**YOUR INSTRUCTIONS:**
The records that follow are to be reproduced exactly. Any pictures in them are left out.

**TASK INPUTS:**
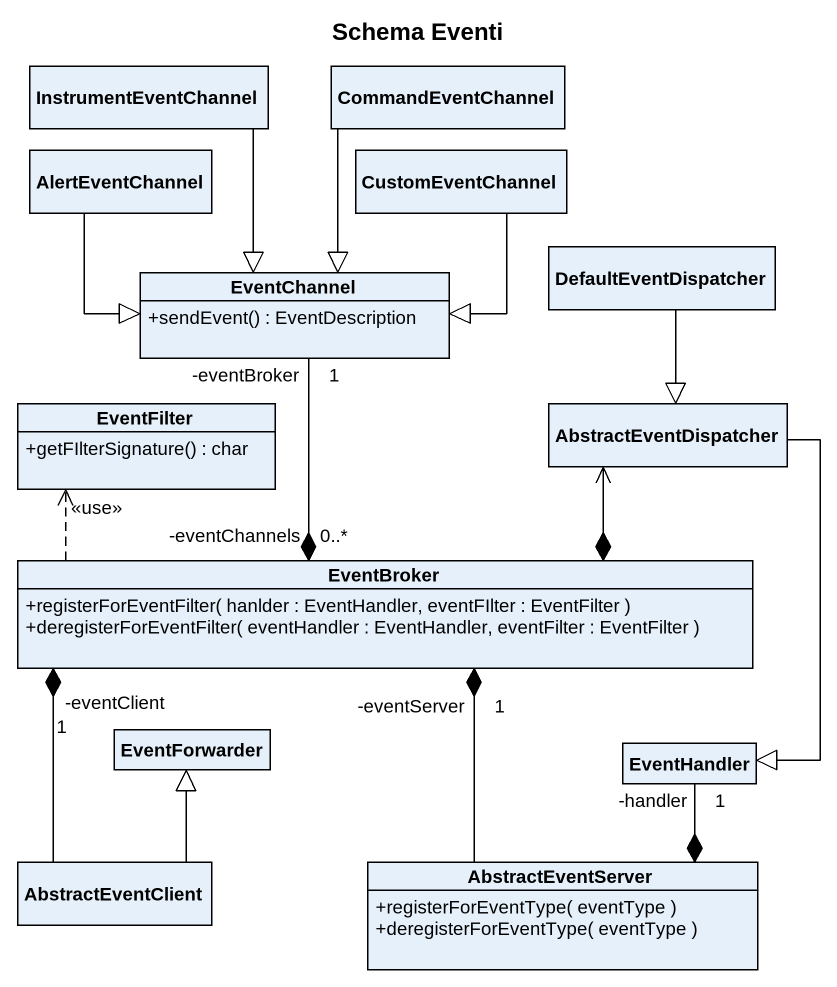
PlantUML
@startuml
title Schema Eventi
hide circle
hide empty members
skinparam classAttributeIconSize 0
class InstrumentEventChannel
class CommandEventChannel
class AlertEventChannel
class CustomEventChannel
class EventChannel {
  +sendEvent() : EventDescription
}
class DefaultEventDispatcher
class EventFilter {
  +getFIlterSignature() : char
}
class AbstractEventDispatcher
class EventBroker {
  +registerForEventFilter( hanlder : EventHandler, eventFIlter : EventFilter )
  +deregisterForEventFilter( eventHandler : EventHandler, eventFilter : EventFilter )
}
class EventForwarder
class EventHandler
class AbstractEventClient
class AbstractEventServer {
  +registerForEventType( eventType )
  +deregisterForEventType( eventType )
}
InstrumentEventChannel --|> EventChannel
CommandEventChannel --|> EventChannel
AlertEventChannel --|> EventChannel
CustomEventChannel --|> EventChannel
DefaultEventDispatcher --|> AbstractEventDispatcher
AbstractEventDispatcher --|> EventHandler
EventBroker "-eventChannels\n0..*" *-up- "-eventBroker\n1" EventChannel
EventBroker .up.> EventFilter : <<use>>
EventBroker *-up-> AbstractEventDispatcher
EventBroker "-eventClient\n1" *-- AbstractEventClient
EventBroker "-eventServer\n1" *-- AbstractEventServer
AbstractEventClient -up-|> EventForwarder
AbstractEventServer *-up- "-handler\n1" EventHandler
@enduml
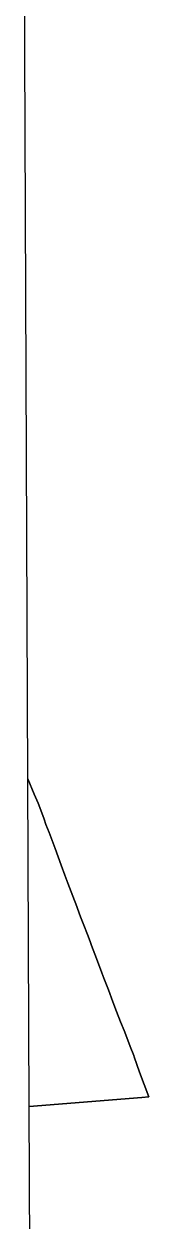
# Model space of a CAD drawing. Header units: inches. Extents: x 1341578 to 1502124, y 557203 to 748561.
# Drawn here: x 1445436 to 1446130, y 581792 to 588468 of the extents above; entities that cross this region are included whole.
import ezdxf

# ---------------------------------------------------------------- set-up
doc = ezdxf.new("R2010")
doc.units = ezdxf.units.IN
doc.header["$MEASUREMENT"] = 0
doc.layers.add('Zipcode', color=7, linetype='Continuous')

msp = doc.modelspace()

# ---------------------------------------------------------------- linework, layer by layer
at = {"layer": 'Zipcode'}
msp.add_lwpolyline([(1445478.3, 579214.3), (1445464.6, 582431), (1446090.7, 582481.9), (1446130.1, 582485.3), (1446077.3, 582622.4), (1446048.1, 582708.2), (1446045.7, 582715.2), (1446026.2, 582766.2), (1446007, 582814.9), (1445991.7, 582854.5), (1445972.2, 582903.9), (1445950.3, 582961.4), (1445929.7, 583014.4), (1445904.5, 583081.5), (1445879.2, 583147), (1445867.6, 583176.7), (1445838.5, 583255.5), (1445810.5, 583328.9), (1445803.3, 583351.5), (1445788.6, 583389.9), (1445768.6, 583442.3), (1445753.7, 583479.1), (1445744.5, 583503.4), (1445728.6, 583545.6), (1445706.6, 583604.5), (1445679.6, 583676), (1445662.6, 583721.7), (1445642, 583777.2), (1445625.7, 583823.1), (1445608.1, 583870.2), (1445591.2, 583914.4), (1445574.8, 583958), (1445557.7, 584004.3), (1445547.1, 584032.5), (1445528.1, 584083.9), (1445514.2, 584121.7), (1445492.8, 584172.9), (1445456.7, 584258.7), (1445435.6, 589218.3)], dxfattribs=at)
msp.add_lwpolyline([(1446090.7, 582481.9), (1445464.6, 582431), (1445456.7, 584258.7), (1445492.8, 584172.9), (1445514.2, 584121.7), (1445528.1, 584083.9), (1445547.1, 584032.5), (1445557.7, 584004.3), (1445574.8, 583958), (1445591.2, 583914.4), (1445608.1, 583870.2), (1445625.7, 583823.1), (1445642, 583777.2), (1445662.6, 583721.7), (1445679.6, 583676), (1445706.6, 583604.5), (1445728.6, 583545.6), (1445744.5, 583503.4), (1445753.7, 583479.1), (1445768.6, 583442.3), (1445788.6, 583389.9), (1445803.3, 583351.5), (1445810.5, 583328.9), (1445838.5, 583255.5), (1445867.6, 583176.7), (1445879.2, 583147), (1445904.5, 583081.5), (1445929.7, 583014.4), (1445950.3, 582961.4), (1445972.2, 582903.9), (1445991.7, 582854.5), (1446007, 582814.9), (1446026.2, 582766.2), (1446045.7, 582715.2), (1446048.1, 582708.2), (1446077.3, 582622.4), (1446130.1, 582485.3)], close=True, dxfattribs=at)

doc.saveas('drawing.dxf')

**ANSWER SPACE:**
PlantUML
@startuml
title Schema Eventi
hide circle
hide empty members
skinparam classAttributeIconSize 0
class InstrumentEventChannel
class CommandEventChannel
class AlertEventChannel
class CustomEventChannel
class EventChannel {
  +sendEvent() : EventDescription
}
class DefaultEventDispatcher
class EventFilter {
  +getFIlterSignature() : char
}
class AbstractEventDispatcher
class EventBroker {
  +registerForEventFilter( hanlder : EventHandler, eventFIlter : EventFilter )
  +deregisterForEventFilter( eventHandler : EventHandler, eventFilter : EventFilter )
}
class EventForwarder
class EventHandler
class AbstractEventClient
class AbstractEventServer {
  +registerForEventType( eventType )
  +deregisterForEventType( eventType )
}
InstrumentEventChannel --|> EventChannel
CommandEventChannel --|> EventChannel
AlertEventChannel --|> EventChannel
CustomEventChannel --|> EventChannel
DefaultEventDispatcher --|> AbstractEventDispatcher
AbstractEventDispatcher --|> EventHandler
EventBroker "-eventChannels\n0..*" *-up- "-eventBroker\n1" EventChannel
EventBroker .up.> EventFilter : <<use>>
EventBroker *-up-> AbstractEventDispatcher
EventBroker "-eventClient\n1" *-- AbstractEventClient
EventBroker "-eventServer\n1" *-- AbstractEventServer
AbstractEventClient -up-|> EventForwarder
AbstractEventServer *-up- "-handler\n1" EventHandler
@enduml
# Model space of a CAD drawing. Header units: inches. Extents: x 1341578 to 1502124, y 557203 to 748561.
# Drawn here: x 1445436 to 1446130, y 581792 to 588468 of the extents above; entities that cross this region are included whole.
import ezdxf

# ---------------------------------------------------------------- set-up
doc = ezdxf.new("R2010")
doc.units = ezdxf.units.IN
doc.header["$MEASUREMENT"] = 0
doc.layers.add('Zipcode', color=7, linetype='Continuous')

msp = doc.modelspace()

# ---------------------------------------------------------------- linework, layer by layer
at = {"layer": 'Zipcode'}
msp.add_lwpolyline([(1445478.3, 579214.3), (1445464.6, 582431), (1446090.7, 582481.9), (1446130.1, 582485.3), (1446077.3, 582622.4), (1446048.1, 582708.2), (1446045.7, 582715.2), (1446026.2, 582766.2), (1446007, 582814.9), (1445991.7, 582854.5), (1445972.2, 582903.9), (1445950.3, 582961.4), (1445929.7, 583014.4), (1445904.5, 583081.5), (1445879.2, 583147), (1445867.6, 583176.7), (1445838.5, 583255.5), (1445810.5, 583328.9), (1445803.3, 583351.5), (1445788.6, 583389.9), (1445768.6, 583442.3), (1445753.7, 583479.1), (1445744.5, 583503.4), (1445728.6, 583545.6), (1445706.6, 583604.5), (1445679.6, 583676), (1445662.6, 583721.7), (1445642, 583777.2), (1445625.7, 583823.1), (1445608.1, 583870.2), (1445591.2, 583914.4), (1445574.8, 583958), (1445557.7, 584004.3), (1445547.1, 584032.5), (1445528.1, 584083.9), (1445514.2, 584121.7), (1445492.8, 584172.9), (1445456.7, 584258.7), (1445435.6, 589218.3)], dxfattribs=at)
msp.add_lwpolyline([(1446090.7, 582481.9), (1445464.6, 582431), (1445456.7, 584258.7), (1445492.8, 584172.9), (1445514.2, 584121.7), (1445528.1, 584083.9), (1445547.1, 584032.5), (1445557.7, 584004.3), (1445574.8, 583958), (1445591.2, 583914.4), (1445608.1, 583870.2), (1445625.7, 583823.1), (1445642, 583777.2), (1445662.6, 583721.7), (1445679.6, 583676), (1445706.6, 583604.5), (1445728.6, 583545.6), (1445744.5, 583503.4), (1445753.7, 583479.1), (1445768.6, 583442.3), (1445788.6, 583389.9), (1445803.3, 583351.5), (1445810.5, 583328.9), (1445838.5, 583255.5), (1445867.6, 583176.7), (1445879.2, 583147), (1445904.5, 583081.5), (1445929.7, 583014.4), (1445950.3, 582961.4), (1445972.2, 582903.9), (1445991.7, 582854.5), (1446007, 582814.9), (1446026.2, 582766.2), (1446045.7, 582715.2), (1446048.1, 582708.2), (1446077.3, 582622.4), (1446130.1, 582485.3)], close=True, dxfattribs=at)

doc.saveas('drawing.dxf')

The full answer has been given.